Southeast Asia’s responses to Japan’s new prime minister have been relatively muted. First, Ishiba’s foreign policy stance toward Southeast Asia remains unclear. Although he has expertise in defense policy, his focus has primarily been on managing the US-Japan alliance. The establishment of an “Asian NATO,” has sparked controversy in Southeast Asia and beyond. Ishiba strongly believes that Russia’s aggression toward Ukraine was due to Ukraine not being a NATO member, reinforcing his conviction that a concrete collective self-defense mechanism is necessary to deter China effectively. He envisions the institutionalization of the Quad as part of this mechanism. Yet, significant questions remain about how Japan navigate its constitutional limits on the use of force and which state would join such a defense framework. Many in Singapore suggested that Southeast Asia is unlikely to support the idea, while the Jakarta Post in Indonesia strongly criticized it. It remains uncertain whether he understands the complex regional dynamics and the broader security architecture in East Asia. Given ASEAN emphasis on “inclusivity” and “cooperation” under its institutional principle of ASEAN centrality, which grants it chairpersonship and agenda setting power in East Asia’s multilateral framework, a new collective defense system could significantly undermine this ASEAN centrality.

Second, Japan is still grappling with significant political uncertainty. Ishiba is likely to stay as prime minister given the opposition’s lack of unity to propose an alternative. Also, the conservative factions within the LDP have seen a decline in political influence, reducing their ability to challenge. Japan’s political environment is likely to be less stable than during previous LDP administrations, adding uncertainty to its foreign policy direction. Southeast Asian states are adopting a “wait-and-see” posture toward Japan’s new leadership. Obviously, if any abrupt changes in Japanese foreign policy were to harm ASEAN’s regional interests, such as undermining ASEAN centrality and disrupting ASEAN unity, ASEAN member states would likely express their disapproval.

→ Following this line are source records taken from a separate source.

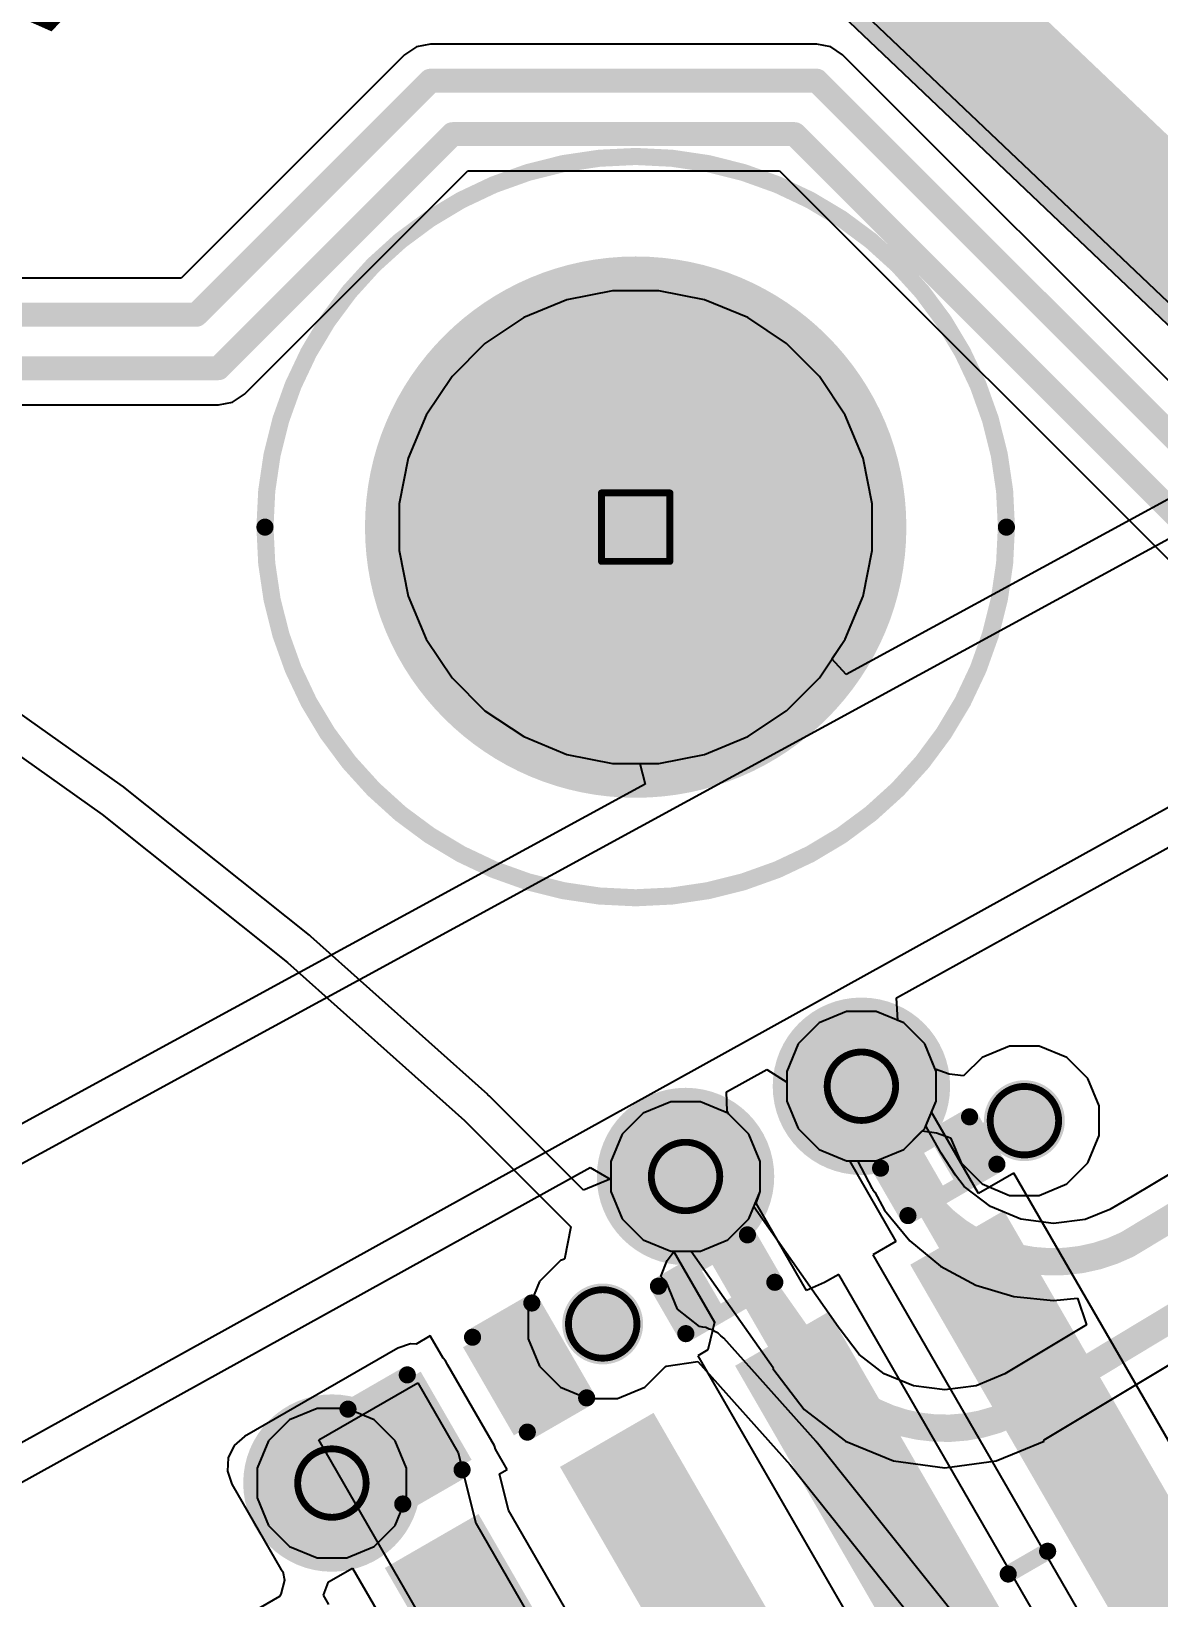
# Model space of a CAD drawing. Header units: inches. Extents: x -30 to 282, y -86 to 78.
# Drawn here: x 28.44 to 36.8, y -26 to -14.38 of the extents above; entities that cross this region are included whole.
import ezdxf

# ---------------------------------------------------------------- set-up
doc = ezdxf.new("R2010")
doc.units = ezdxf.units.IN
for name, color, linetype in [('Board Outline', 216, 'Continuous'), ('Bottom Layer', 5, 'Continuous'), ('Bottom Overlay', 54, 'Continuous'), ('Bottom Paste', 16, 'Continuous'), ('Bottom Solder', 6, 'Continuous'), ('Dimensions', 6, 'Continuous'), ('Drill Drawing', 1, 'Continuous'), ('GND 01', 76, 'Continuous'), ('GND 02', 16, 'Continuous'), ('Pad Holes', 156, 'Continuous'), ('PWR', 156, 'Continuous'), ('SIG 01', 90, 'Continuous'), ('Top Layer', 1, 'Continuous'), ('Top Overlay', 2, 'Continuous'), ('Top Solder', 216, 'Continuous'), ('Via Holes', 16, 'Continuous')]:
    doc.layers.add(name, color=color, linetype=linetype)
doc.styles.add('Arial_Bold', font='', dxfattribs={"height": 0.2})
doc.styles.get('Arial_Bold').set_extended_font_data('Arial', bold=True)

# ---------------------------------------------------------------- blocks, each defined once
blk = doc.blocks.new('DSN0603_2_B_20')
at = {"layer": 'Bottom Layer'}
for points in [[(-0.2999994, 0.11999976), (-0.0999998, 0.11999976), (-0.0999998, -0.11999976), (-0.2999994, -0.11999976)], [(0.0999998, 0.11999976), (0.2999994, 0.11999976), (0.2999994, -0.11999976), (0.0999998, -0.11999976)]]:
    blk.add_hatch(color=5, dxfattribs=at).paths.add_polyline_path(points)
at = {"layer": 'Bottom Paste'}
for points in [[(-0.2999994, 0.11999976), (-0.0999998, 0.11999976), (-0.0999998, -0.11999976), (-0.2999994, -0.11999976)], [(0.0999998, 0.11999976), (0.2999994, 0.11999976), (0.2999994, -0.11999976), (0.0999998, -0.11999976)]]:
    blk.add_hatch(color=16, dxfattribs=at).paths.add_polyline_path(points)
at = {"layer": 'Bottom Solder'}
for points in [[(-0.35500056, 0.17500092), (-0.04499864, 0.17500092), (-0.04499864, -0.17500092), (-0.35500056, -0.17500092)], [(0.04499864, 0.17500092), (0.35500056, 0.17500092), (0.35500056, -0.17500092), (0.04499864, -0.17500092)]]:
    blk.add_hatch(color=6, dxfattribs=at).paths.add_polyline_path(points)
at = {"layer": 'Bottom Overlay', "const_width": 0.127}
for points in [[(-0.3809999999999999, -0.2032), (-0.3809999999999999, 0.2032)], [(0.3809999999999999, 0.2032), (-0.3809999999999999, 0.2032)], [(0.3809999999999999, -0.2032), (0.3809999999999999, 0.2032)], [(0.3809999999999999, -0.2032), (-0.3809999999999999, -0.2032)]]:
    blk.add_lwpolyline(points, dxfattribs=at)
at = {"layer": 'Bottom Overlay', "const_width": 0.0635}
for points in [[(-0.41275, 0.2032, 1), (-0.34925, 0.2032, 1)], [(-0.41275, 0.2032, 1), (-0.34925, 0.2032, 1)], [(0.34925, 0.2032, 1), (0.41275, 0.2032, 1)], [(0.34925, 0.2032, 1), (0.41275, 0.2032, 1)], [(-0.41275, -0.2032, 1), (-0.34925, -0.2032, 1)], [(-0.41275, -0.2032, 1), (-0.34925, -0.2032, 1)], [(0.34925, -0.2032, 1), (0.41275, -0.2032, 1)], [(0.34925, -0.2032, 1), (0.41275, -0.2032, 1)]]:
    blk.add_lwpolyline(points, format="xyb", close=True, dxfattribs=at)
blk = doc.blocks.new('DSN0603_2_B_21')
at = {"layer": 'Bottom Layer'}
for points in [[(-0.2999994, 0.11999976), (-0.0999998, 0.11999976), (-0.0999998, -0.11999976), (-0.2999994, -0.11999976)], [(0.0999998, 0.11999976), (0.2999994, 0.11999976), (0.2999994, -0.11999976), (0.0999998, -0.11999976)]]:
    blk.add_hatch(color=5, dxfattribs=at).paths.add_polyline_path(points)
at = {"layer": 'Bottom Paste'}
for points in [[(-0.2999994, 0.11999976), (-0.0999998, 0.11999976), (-0.0999998, -0.11999976), (-0.2999994, -0.11999976)], [(0.0999998, 0.11999976), (0.2999994, 0.11999976), (0.2999994, -0.11999976), (0.0999998, -0.11999976)]]:
    blk.add_hatch(color=16, dxfattribs=at).paths.add_polyline_path(points)
at = {"layer": 'Bottom Solder'}
for points in [[(-0.35500056, 0.17500092), (-0.04499864, 0.17500092), (-0.04499864, -0.17500092), (-0.35500056, -0.17500092)], [(0.04499864, 0.17500092), (0.35500056, 0.17500092), (0.35500056, -0.17500092), (0.04499864, -0.17500092)]]:
    blk.add_hatch(color=6, dxfattribs=at).paths.add_polyline_path(points)
at = {"layer": 'Bottom Overlay', "const_width": 0.127}
for points in [[(-0.3809999999999999, 0.2032), (-0.3809999999999999, -0.2032)], [(-0.3809999999999999, 0.2032), (0.3809999999999999, 0.2032)], [(0.3809999999999999, 0.2032), (0.3809999999999999, -0.2032)], [(-0.3809999999999999, -0.2032), (0.3809999999999999, -0.2032)]]:
    blk.add_lwpolyline(points, dxfattribs=at)
at = {"layer": 'Bottom Overlay', "const_width": 0.0635}
for points in [[(-0.41275, 0.2032, 1), (-0.34925, 0.2032, 1)], [(-0.41275, 0.2032, 1), (-0.34925, 0.2032, 1)], [(0.34925, 0.2032, 1), (0.41275, 0.2032, 1)], [(0.34925, 0.2032, 1), (0.41275, 0.2032, 1)], [(-0.41275, -0.2032, 1), (-0.34925, -0.2032, 1)], [(-0.41275, -0.2032, 1), (-0.34925, -0.2032, 1)], [(0.34925, -0.2032, 1), (0.41275, -0.2032, 1)], [(0.34925, -0.2032, 1), (0.41275, -0.2032, 1)]]:
    blk.add_lwpolyline(points, format="xyb", close=True, dxfattribs=at)
blk = doc.blocks.new('B6B_ZR_SM4_TF_LF__SN__B_30')
at = {"layer": 'Bottom Layer'}
for points in [[(-1.1000613, 3.27494646), (-0.4000627, 3.27494646), (-0.4000627, -0.72504554), (-1.1000613, -0.72504554)], [(0.4000627, 3.274948999999999), (1.1000613, 3.274948999999999), (1.1000613, -0.725043), (0.4000627, -0.725043)], [(1.8999327, 3.274948999999999), (2.5999313, 3.274948999999999), (2.5999313, -0.725043), (1.8999327, -0.725043)], [(3.400056699999999, 3.274948999999999), (4.100055299999999, 3.274948999999999), (4.100055299999999, -0.725043), (3.400056699999999, -0.725043)]]:
    blk.add_hatch(color=5, dxfattribs=at).paths.add_polyline_path(points)
at = {"layer": 'Bottom Paste'}
for points in [[(-1.1000613, 3.27494646), (-0.4000627, 3.27494646), (-0.4000627, -0.72504554), (-1.1000613, -0.72504554)], [(0.4000627, 3.274948999999999), (1.1000613, 3.274948999999999), (1.1000613, -0.725043), (0.4000627, -0.725043)], [(1.8999327, 3.274948999999999), (2.5999313, 3.274948999999999), (2.5999313, -0.725043), (1.8999327, -0.725043)], [(3.400056699999999, 3.274948999999999), (4.100055299999999, 3.274948999999999), (4.100055299999999, -0.725043), (3.400056699999999, -0.725043)]]:
    blk.add_hatch(color=16, dxfattribs=at).paths.add_polyline_path(points)
at = {"layer": 'Bottom Solder'}
for points in [[(-1.1508613, 3.32574646), (-0.3492627, 3.32574646), (-0.3492627, -0.77584554), (-1.1508613, -0.77584554)], [(0.3492627, 3.325749), (1.1508613, 3.325749), (1.1508613, -0.775843), (0.3492627, -0.775843)], [(1.8491327, 3.325749), (2.6507313, 3.325749), (2.6507313, -0.775843), (1.8491327, -0.775843)], [(3.3492567, 3.325749), (4.1508553, 3.325749), (4.1508553, -0.775843), (3.3492567, -0.775843)]]:
    blk.add_hatch(color=6, dxfattribs=at).paths.add_polyline_path(points)
at = {"layer": 'Bottom Overlay', "const_width": 0.127}
blk.add_lwpolyline([(2.8311348, 0.97493074), (3.1688532, 0.9749281999999999)], dxfattribs=at)
at = {"layer": 'Bottom Overlay', "const_width": 0.0635}
for points in [[(2.7993848, 0.97493074, 1), (2.8628848, 0.97493074, 1)], [(3.1371032, 0.9749281999999999, 1), (3.2006032, 0.9749281999999999, 1)]]:
    blk.add_lwpolyline(points, format="xyb", close=True, dxfattribs=at)
blk = doc.blocks.new('C___0402_B_55')
at = {"layer": 'Bottom Layer'}
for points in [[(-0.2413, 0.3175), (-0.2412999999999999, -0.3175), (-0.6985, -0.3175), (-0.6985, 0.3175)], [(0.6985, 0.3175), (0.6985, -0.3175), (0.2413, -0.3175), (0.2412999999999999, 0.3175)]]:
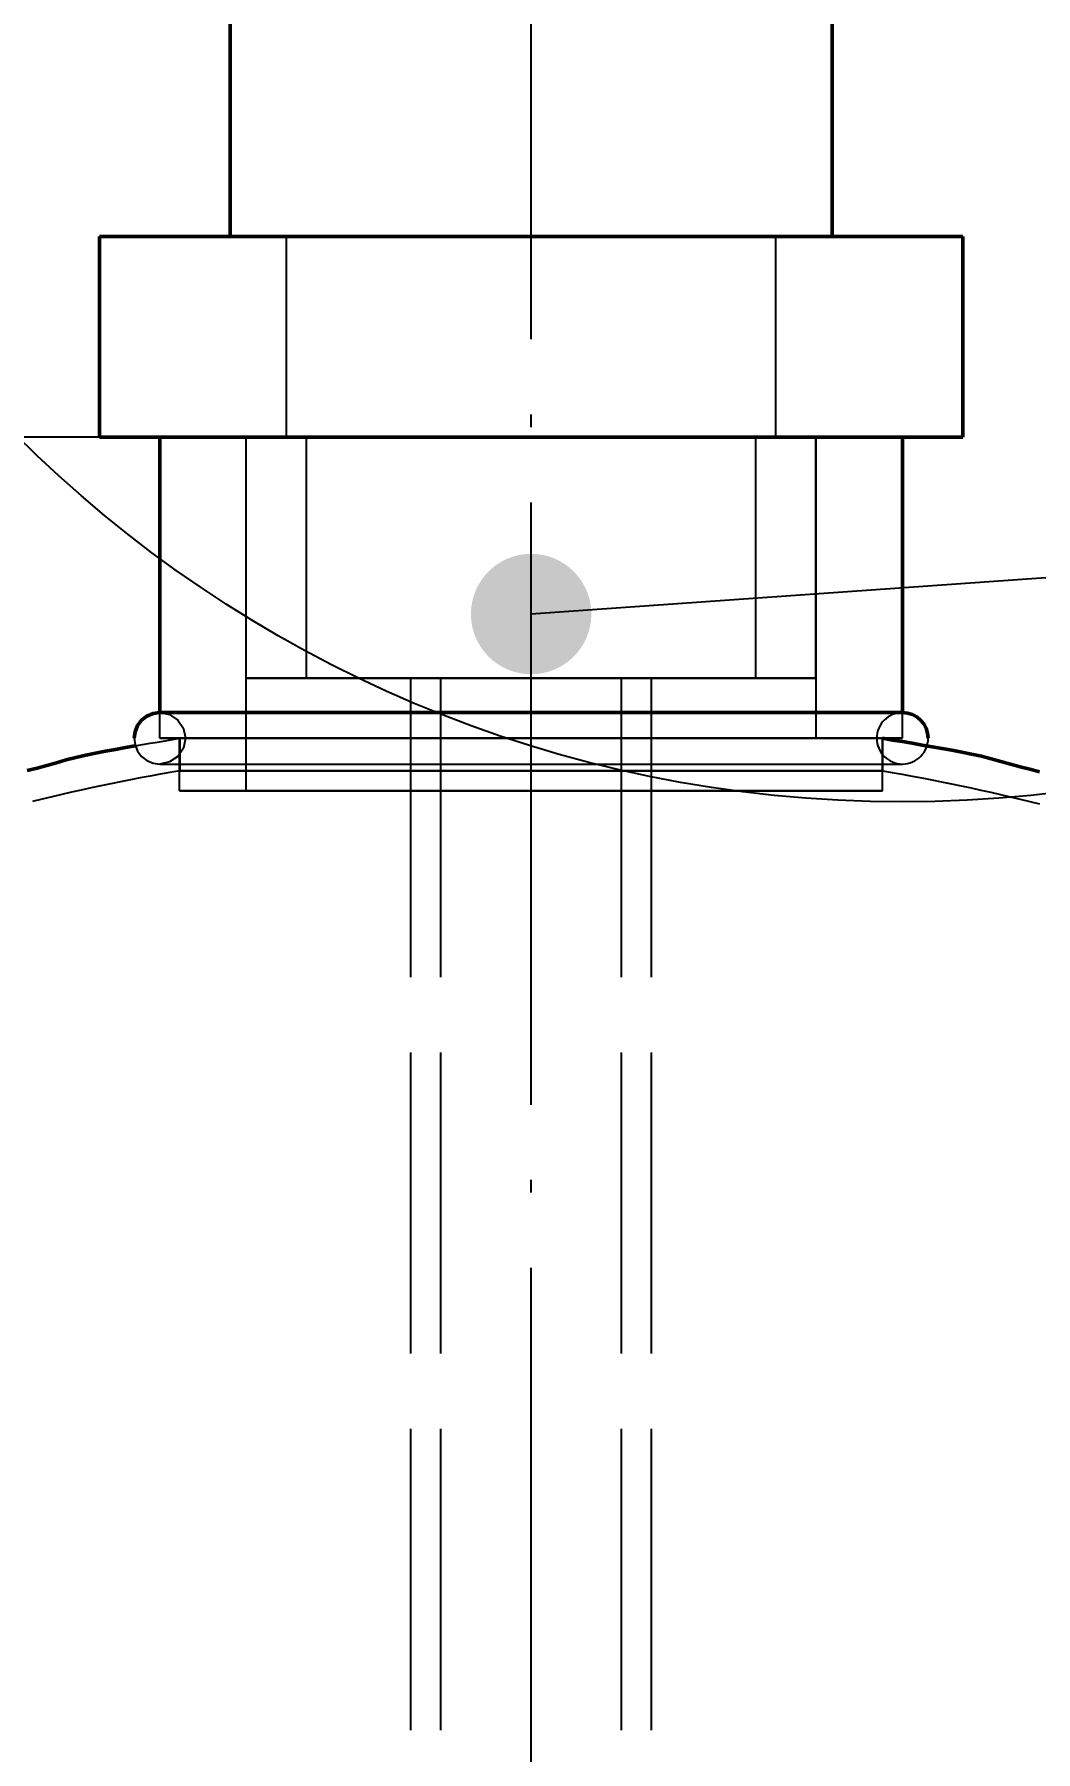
# Model space of a CAD drawing. Header units: millimetres. Extents: x 0 to 420, y 0 to 297.
# Drawn here: x 79.55 to 89.53, y 235.8 to 252.91 of the extents above; entities that cross this region are included whole.
import ezdxf

# ---------------------------------------------------------------- set-up
doc = ezdxf.new("R2010")
doc.units = ezdxf.units.MM
doc.linetypes.add('ISO02-TRAZOS', pattern=[3.75, 3, -0.75])
doc.linetypes.add('ISO04-TRAZO-PUNTO', pattern=[7.625, 6, -0.75, 0.125, -0.75])
for name, color, linetype, lineweight in [('01-VISIBLE', 7, 'CONTINUOUS', 50), ('02-OCULTA', 4, 'ISO02-TRAZOS', 25), ('03-EJE', 1, 'ISO04-TRAZO-PUNTO', 25), ('04-COTA', 3, 'CONTINUOUS', 25), ('08-FINA', 5, 'CONTINUOUS', 25)]:
    doc.layers.add(name, color=color, linetype=linetype, lineweight=lineweight)
doc.styles.add('ISO3098', font='isocpeur.ttf')
doc.dimstyles.new('FLAMA-ISO', dxfattribs={"dimtxt": 3.5, "dimasz": 3, "dimexe": 2, "dimexo": 1, "dimgap": 1, "dimtad": 1, "dimdec": 1, "dimtxsty": 'ISO3098', "dimcen": 2.5, "dimclrd": 3, "dimclre": 3, "dimclrt": 3, "dimazin": 3, "dimtfac": 1, "dimtmove": 0, "dimatfit": 3, "dimlwd": 25, "dimlwe": 25})

msp = doc.modelspace()

# ---------------------------------------------------------------- hatches: boundary and pattern name
at = {"layer": '08-FINA'}
h = msp.add_hatch(color=7, dxfattribs=at)
h.dxf.hatch_style = 1
edge = h.paths.add_edge_path()
edge.add_arc((84.5, 247.138), 0.6, 0, 360)

# ---------------------------------------------------------------- linework, layer by layer
at = {"layer": '01-VISIBLE'}
for p, q in [((81.5, 250.9), (81.5, 254.731)), ((87.5, 250.9), (87.5, 254.731)), ((80.2, 248.9), (80.2, 250.9)), ((88.8, 248.9), (88.8, 250.9)), ((80.8, 246.156), (80.8, 248.9)), ((88.2, 246.156), (88.2, 248.9))]:
    msp.add_line(p, q, dxfattribs=at)
for points in [[(80.2, 250.9), (80.3, 250.9), (80.4, 250.9), (80.5, 250.9), (80.6, 250.9), (80.7, 250.9), (80.8, 250.9), (80.9, 250.9), (81, 250.9), (81.1, 250.9), (81.2, 250.9), (81.3, 250.9), (81.4, 250.9), (81.5, 250.9), (81.6, 250.9), (81.7, 250.9), (81.8, 250.9), (81.9, 250.9), (82, 250.9), (82.1, 250.9), (82.2, 250.9), (82.3, 250.9), (82.4, 250.9), (82.5, 250.9), (82.6, 250.9), (82.7, 250.9), (82.8, 250.9), (82.9, 250.9), (83, 250.9), (83.1, 250.9), (83.2, 250.9), (83.3, 250.9), (83.4, 250.9), (83.5, 250.9), (83.6, 250.9), (83.7, 250.9), (83.8, 250.9), (83.9, 250.9), (84, 250.9), (84.1, 250.9), (84.2, 250.9), (84.3, 250.9), (84.4, 250.9), (84.5, 250.9), (84.6, 250.9), (84.7, 250.9), (84.8, 250.9), (84.9, 250.9), (85, 250.9), (85.1, 250.9), (85.2, 250.9), (85.3, 250.9), (85.4, 250.9), (85.5, 250.9), (85.6, 250.9), (85.7, 250.9), (85.8, 250.9), (85.9, 250.9), (86, 250.9), (86.1, 250.9), (86.2, 250.9), (86.3, 250.9), (86.4, 250.9), (86.5, 250.9), (86.6, 250.9), (86.7, 250.9), (86.8, 250.9), (86.9, 250.9), (87, 250.9), (87.1, 250.9), (87.2, 250.9), (87.3, 250.9), (87.4, 250.9), (87.5, 250.9), (87.6, 250.9), (87.7, 250.9), (87.8, 250.9), (87.9, 250.9), (88, 250.9), (88.1, 250.9), (88.2, 250.9), (88.3, 250.9), (88.4, 250.9), (88.5, 250.9), (88.6, 250.9), (88.7, 250.9), (88.8, 250.9)], [(80.2, 248.9), (80.3, 248.9), (80.4, 248.9), (80.5, 248.9), (80.6, 248.9), (80.7, 248.9), (80.8, 248.9), (80.9, 248.9), (81, 248.9), (81.1, 248.9), (81.2, 248.9), (81.3, 248.9), (81.4, 248.9), (81.5, 248.9), (81.6, 248.9), (81.7, 248.9), (81.8, 248.9), (81.9, 248.9), (82, 248.9), (82.1, 248.9), (82.2, 248.9), (82.3, 248.9), (82.4, 248.9), (82.5, 248.9), (82.6, 248.9), (82.7, 248.9), (82.8, 248.9), (82.9, 248.9), (83, 248.9), (83.1, 248.9), (83.2, 248.9), (83.3, 248.9), (83.4, 248.9), (83.5, 248.9), (83.6, 248.9), (83.7, 248.9), (83.8, 248.9), (83.9, 248.9), (84, 248.9), (84.1, 248.9), (84.2, 248.9), (84.3, 248.9), (84.4, 248.9), (84.5, 248.9), (84.6, 248.9), (84.7, 248.9), (84.8, 248.9), (84.9, 248.9), (85, 248.9), (85.1, 248.9), (85.2, 248.9), (85.3, 248.9), (85.4, 248.9), (85.5, 248.9), (85.6, 248.9), (85.7, 248.9), (85.8, 248.9), (85.9, 248.9), (86, 248.9), (86.1, 248.9), (86.2, 248.9), (86.3, 248.9), (86.4, 248.9), (86.5, 248.9), (86.6, 248.9), (86.7, 248.9), (86.8, 248.9), (86.9, 248.9), (87, 248.9), (87.1, 248.9), (87.2, 248.9), (87.3, 248.9), (87.4, 248.9), (87.5, 248.9), (87.6, 248.9), (87.7, 248.9), (87.8, 248.9), (87.9, 248.9), (88, 248.9), (88.1, 248.9), (88.2, 248.9), (88.3, 248.9), (88.4, 248.9), (88.5, 248.9), (88.6, 248.9), (88.7, 248.9), (88.8, 248.9)], [(80.8, 246.156), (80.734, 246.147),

However, in absence of such shifts, Southeast Asia is expected to continue quietly monitoring Japan’s foreign policy direction.

Three key perceptions have stabilized Japan’s position in Southeast Asia: Japan’s trustworthiness; its alternative strategic role; and its political and security posture. First, Japan has consistently been regarded as the most trustworthy state among major regional actors; its diplomatic stance and messaging toward Southeast Asia are considered well-managed in the region. Second, Japan remains the top choice as a third-party actor under the US-China strategic rivalry. If economic and financial decoupling between the United States and China were to occur, Southeast Asia might look to the EU and Japan as viable alternatives. This is also because, although both are strong US allies and partners, their approaches differ from that of the United States. For instance, Japan has adopted a softer approach toward Myanmar and Cambodia, maintaining engagement despite their non-democratic status. While Japan’s economic significance in Southeast Asia is understandable, its strategic importance may be less obvious. Japan has provided maritime law-enforcement assets and defense equipment, such as patrol ships and radars systems.